Once you reach the line containing "line L12 (-45.7498, -36.416)" in the data below, restate each line word for word up to and including the one containing "line L21 (-58.1, 6.6) -> (-58.1, 9.4)".
*** Opening of Records ***
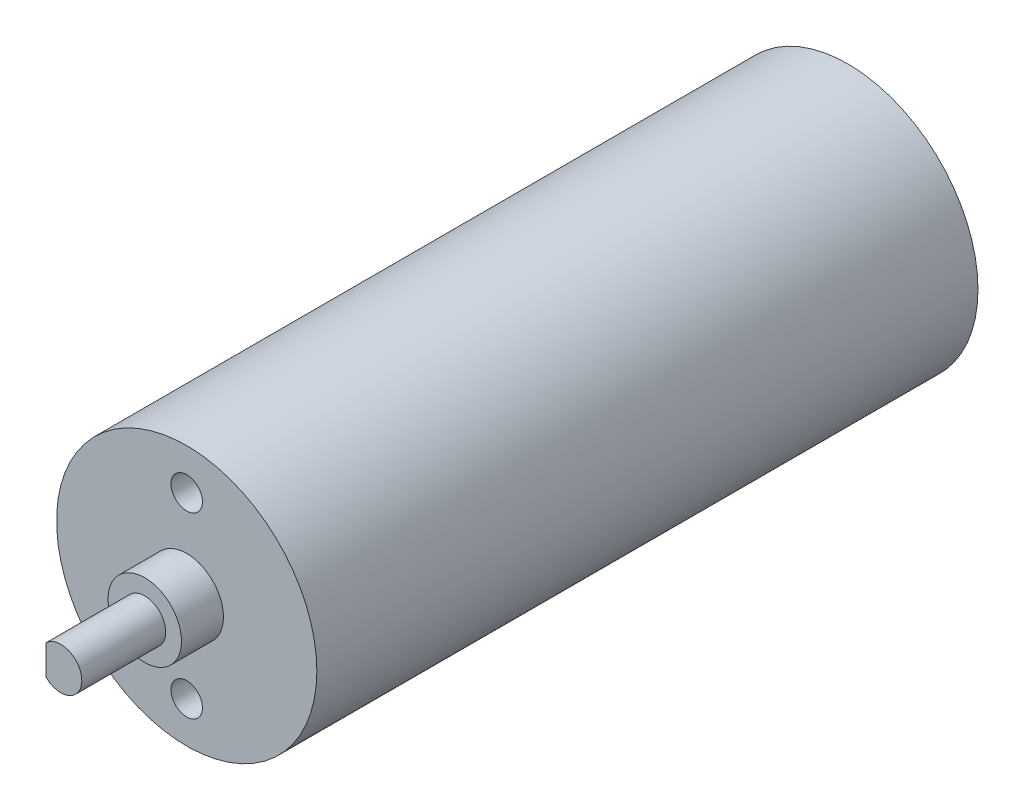
SolidWorks part; units mm, degrees
material "1100-H12 棒材(SS)"
ref_plane "前视基准面" through (0, 0, 0) normal (0, 0, 1) x (1, 0, 0)
ref_plane "上视基准面" through (0, 0, 0) normal (0, 1, 0) x (1, 0, 0)
ref_plane "右视基准面" through (0, 0, 0) normal (1, 0, 0) x (0, 0, -1)
sketch "草图1" plane through (0, 0, 0) normal (0, 0, 1) x (1, 0, 0)
  circle A0 centre (0, 0) radius 12.4
  dimension "D1" = 24.8
extrude "凸台-拉伸1" add sketch "草图1" along normal blind 63
sketch "草图2" plane through (0, 0, 63) normal (0, 0, 1) x (1, 0, 0)
  circle A0 centre (0, 0) radius 3.5
  dimension "D1" = 7
extrude "凸台-拉伸2" add sketch "草图2" along normal blind 4
sketch "草图3" plane through (0, 0, 67) normal (0, 0, 1) x (1, 0, 0)
  line L0 (-1.41, 1.4184) -> (-1.41, -1.4184)
  arc A0 (-1.41, -1.4184) -> (-1.41, 1.4184) centre (0, 0) ccw
  dimension "D1" = 4
  dimension "D2" = 1.41
extrude "凸台-拉伸3" add sketch "草图3" along normal blind 8
sketch "草图4" plane through (0, 0, 63) normal (0, 0, 1) x (1, 0, 0)
  circle A0 centre (0, 0) radius 8.5 construction
  circle A1 centre (0, -8.5) radius 1.5
  circle A2 centre (0, 8.5) radius 1.5
  dimension "D1" = 17
  dimension "D2" = 3
extrude "切除-拉伸1" cut sketch "草图4" against normal blind 10
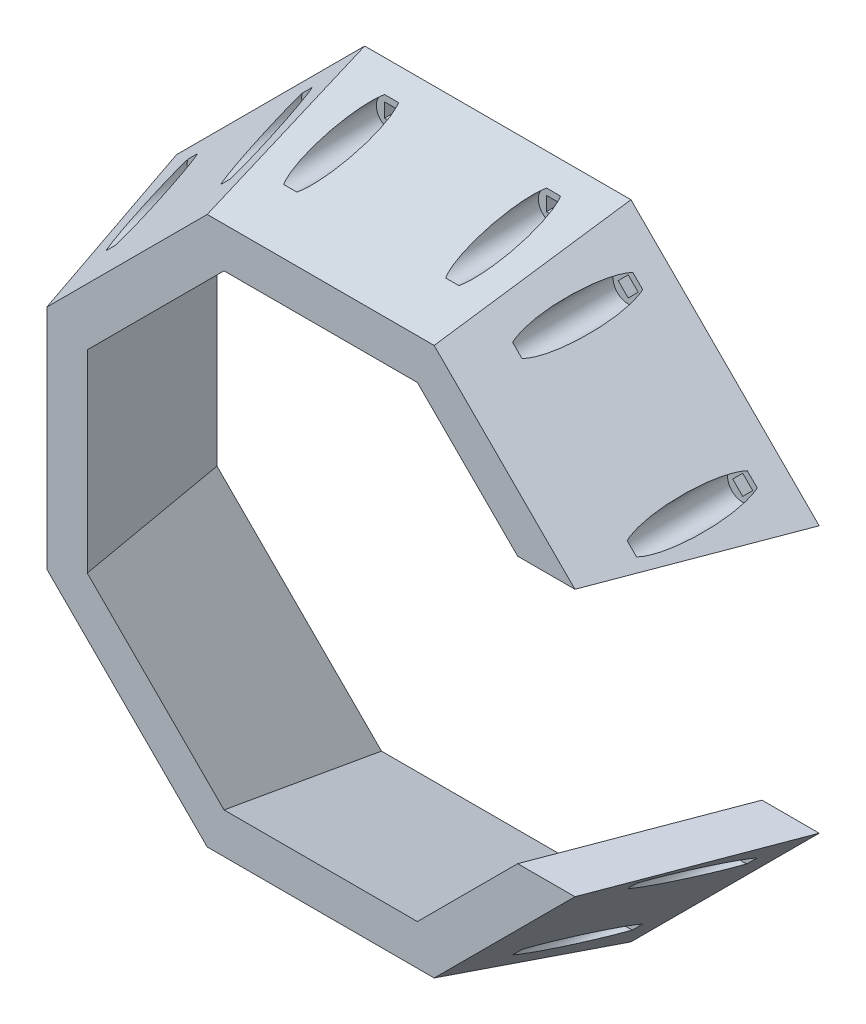
SolidWorks part; units mm, degrees
ref_plane "Plano frontal" through (0, 0, 0) normal (0, 0, 1) x (1, 0, 0)
ref_plane "Plano superior" through (0, 0, 0) normal (0, 1, 0) x (1, 0, 0)
ref_plane "Plano direito" through (0, 0, 0) normal (1, 0, 0) x (0, 0, -1)
sketch "Esboço1" plane through (0, 0, 0) normal (0, 0, 1) x (1, 0, 0)
  line L1 (63.5, -26.3026) -> (63.5, 26.3026)
  line L2 (63.5, 26.3026) -> (26.3026, 63.5)
  line L3 (26.3026, 63.5) -> (-26.3026, 63.5)
  line L4 (-26.3026, 63.5) -> (-63.5, 26.3026)
  line L5 (-63.5, 26.3026) -> (-63.5, -26.3026)
  line L6 (-63.5, -26.3026) -> (-26.3026, -63.5)
  line L7 (-26.3026, -63.5) -> (26.3026, -63.5)
  line L8 (26.3026, -63.5) -> (63.5, -26.3026)
  circle A0 centre (0, 0) radius 63.5 construction
  circle A1 centre (0, 0) radius 61.5 construction
  dimension "D1" = 127
  dimension "D2" = 2
extrude "Ressalto-extrusão1" add sketch "Esboço1" along normal blind 35 draft 15
sketch "Esboço2" plane through (0, 0, 0) normal (0, 0, 1) x (1, 0, 0)
  line L0 (63.5, 0) -> (43.8368, 0) construction
  line L1 (63.5, -26.3026) -> (63.5, 26.3026) construction
  line L3 (24.1735, 26.3026) -> (63.5, 26.3026)
  line L4 (24.1735, 26.3026) -> (24.1735, -26.3026)
  line L5 (24.1735, -26.3026) -> (63.5, -26.3026)
  line L6 (63.5, 26.3026) -> (63.5, -26.3026)
  line L7 (24.1735, 26.3026) -> (63.5, -26.3026) construction
  line L8 (24.1735, -26.3026) -> (63.5, 26.3026) construction
extrude "Corte-extrusão1" cut sketch "Esboço2" along normal blind 50
sketch "Esboço4" plane through (0, 0, 0) normal (0, 0, -1) x (-1, 0, 0)
  line L0 (-44.9013, -44.9013) -> (-42.0729, -42.0729) construction
  line L1 (-47.7297, -34.4361) -> (-49.7096, -36.416)
  line L2 (-42.0729, -40.093) -> (-44.0528, -42.0729)
  line L3 (-42.0729, -40.093) -> (-40.093, -42.0729)
  line L4 (-40.093, -42.0729) -> (-42.0729, -44.0528)
  line L5 (-44.0528, -42.0729) -> (-42.0729, -44.0528)
  line L6 (-42.0729, -40.093) -> (-42.0729, -44.0528) construction
  line L7 (-40.093, -42.0729) -> (-44.0528, -42.0729) construction
  line L8 (-47.7297, -34.4361) -> (-45.7498, -36.416)
  line L9 (-45.7498, -36.416) -> (-47.7297, -38.3959)
  line L10 (-49.7096, -36.416) -> (-47.7297, -38.3959)
  line L11 (-47.7297, -34.4361) -> (-47.7297, -38.3959) construction
  line L12 (-45.7498, -36.416) -> (-49.7096, -36.416) construction
  line L13 (-53.3866, -28.7792) -> (-55.3665, -30.7591)
  line L14 (-53.3866, -28.7792) -> (-51.4067, -30.7591)
  line L15 (-51.4067, -30.7591) -> (-53.3866, -32.739)
  line L16 (-55.3665, -30.7591) -> (-53.3866, -32.739)
  line L17 (-53.3866, -28.7792) -> (-53.3866, -32.739) construction
  line L18 (-51.4067, -30.7591) -> (-55.3665, -30.7591) construction
  line L19 (-60.9, 25.2256) -> (-59.0434, 27.0822)
  line L20 (-57.0635, 25.1023) -> (-59.0434, 27.0822)
  line L21 (-58.1, 6.6) -> (-58.1, 9.4)
  line L22 (-58.1, -1.4) -> (-58.1, 1.4)
  line L23 (-58.1, -1.4) -> (-60.9, -1.4)
  line L24 (-60.9, -1.4) -> (-60.9, 1.4)
  line L25 (-58.1, 1.4) -> (-60.9, 1.4)
  line L26 (-30.7591, -51.4067) -> (-30.7591, -55.3665) construction
  line L27 (-28.7792, -53.3866) -> (-32.739, -53.3866) construction
  line L28 (-36.416, -45.7498) -> (-36.416, -49.7096) construction
  line L29 (-34.4361, -47.7297) -> (-38.3959, -47.7297) construction
  line L30 (-42.0729, -40.093) -> (-42.0729, -44.0528) construction
  line L31 (-40.093, -42.0729) -> (-44.0528, -42.0729) construction
  line L32 (-25.2256, -60.9) -> (-27.0822, -59.0434)
  line L33 (-25.1023, -57.0635) -> (-27.0822, -59.0434)
  line L34 (-58.1, 6.6) -> (-60.9, 6.6)
  line L35 (-30.7591, -55.3665) -> (-32.739, -53.3866)
  line L36 (-30.7591, -51.4067) -> (-32.739, -53.3866)
  line L37 (-28.7792, -53.3866) -> (-30.7591, -51.4067)
  line L38 (-28.7792, -53.3866) -> (-30.7591, -55.3665)
  line L39 (-36.416, -49.7096) -> (-38.3959, -47.7297)
  line L40 (-36.416, -45.7498) -> (-38.3959, -47.7297)
  line L41 (-34.4361, -47.7297) -> (-36.416, -45.7498)
  line L42 (-34.4361, -47.7297) -> (-36.416, -49.7096)
  line L43 (0, -63.5) -> (0, -59.5) construction
  line L44 (-6.6, -58.1) -> (-9.4, -58.1)
  line L45 (1.4, -58.1) -> (-1.4, -58.1)
  line L46 (1.4, -58.1) -> (1.4, -60.9)
  line L47 (1.4, -60.9) -> (-1.4, -60.9)
  line L48 (-1.4, -58.1) -> (-1.4, -60.9)
  line L49 (1.4, -58.1) -> (-1.4, -60.9) construction
  line L50 (1.4, -60.9) -> (-1.4, -58.1) construction
  line L51 (-6.6, -58.1) -> (-6.6, -60.9)
  line L52 (-6.6, -60.9) -> (-9.4, -60.9)
  line L53 (-9.4, -58.1) -> (-9.4, -60.9)
  line L54 (-6.6, -58.1) -> (-9.4, -60.9) construction
  line L55 (-6.6, -60.9) -> (-9.4, -58.1) construction
  line L56 (-14.6, -58.1) -> (-17.4, -58.1)
  line L57 (-14.6, -58.1) -> (-14.6, -60.9)
  line L58 (-14.6, -60.9) -> (-17.4, -60.9)
  line L59 (-17.4, -58.1) -> (-17.4, -60.9)
  line L60 (-14.6, -58.1) -> (-17.4, -60.9) construction
  line L61 (-14.6, -60.9) -> (-17.4, -58.1) construction
  line L62 (-22.6, -58.1) -> (-24.0658, -58.1)
  line L63 (-22.6, -58.1) -> (-22.6, -60.9)
  line L64 (-22.6, -60.9) -> (-25.2256, -60.9)
  line L65 (-60.9, 6.6) -> (-60.9, 9.4)
  line L66 (-58.1, 9.4) -> (-60.9, 9.4)
  line L67 (-58.1, 14.6) -> (-58.1, 17.4)
  line L68 (-58.1, 14.6) -> (-60.9, 14.6)
  line L69 (-60.9, 14.6) -> (-60.9, 17.4)
  line L70 (-58.1, 17.4) -> (-60.9, 17.4)
  line L72 (-26.3026, -63.5) -> (26.3026, -63.5)
  line L73 (26.3026, -63.5) -> (63.5, -26.3026)
  line L74 (-24.0658, -58.1) -> (-25.1023, -57.0635)
  line L75 (-58.1, 22.6) -> (-58.1, 24.0658)
  line L76 (-58.1, 22.6) -> (-60.9, 22.6)
  line L77 (63.5, -26.3026) -> (63.5, 26.3026)
  line L78 (-60.9, 22.6) -> (-60.9, 25.2256)
  line L79 (-58.1, 24.0658) -> (-57.0635, 25.1023)
  line L80 (-58.1, -24.0658) -> (-57.0635, -25.1023)
  line L81 (-60.9, -22.6) -> (-60.9, -25.2256)
  line L82 (-58.1, -22.6) -> (-60.9, -22.6)
  line L83 (-58.1, -22.6) -> (-58.1, -24.0658)
  line L84 (-58.1, -17.4) -> (-60.9, -17.4)
  line L85 (-60.9, -14.6) -> (-60.9, -17.4)
  line L86 (-58.1, -14.6) -> (-60.9, -14.6)
  line L87 (-58.1, -14.6) -> (-58.1, -17.4)
  line L88 (-58.1, -9.4) -> (-60.9, -9.4)
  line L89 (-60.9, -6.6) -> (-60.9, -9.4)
*** Close of Records ***
Reply to the exercise:
  line L12 (-45.7498, -36.416) -> (-49.7096, -36.416) construction
  line L13 (-53.3866, -28.7792) -> (-55.3665, -30.7591)
  line L14 (-53.3866, -28.7792) -> (-51.4067, -30.7591)
  line L15 (-51.4067, -30.7591) -> (-53.3866, -32.739)
  line L16 (-55.3665, -30.7591) -> (-53.3866, -32.739)
  line L17 (-53.3866, -28.7792) -> (-53.3866, -32.739) construction
  line L18 (-51.4067, -30.7591) -> (-55.3665, -30.7591) construction
  line L19 (-60.9, 25.2256) -> (-59.0434, 27.0822)
  line L20 (-57.0635, 25.1023) -> (-59.0434, 27.0822)
  line L21 (-58.1, 6.6) -> (-58.1, 9.4)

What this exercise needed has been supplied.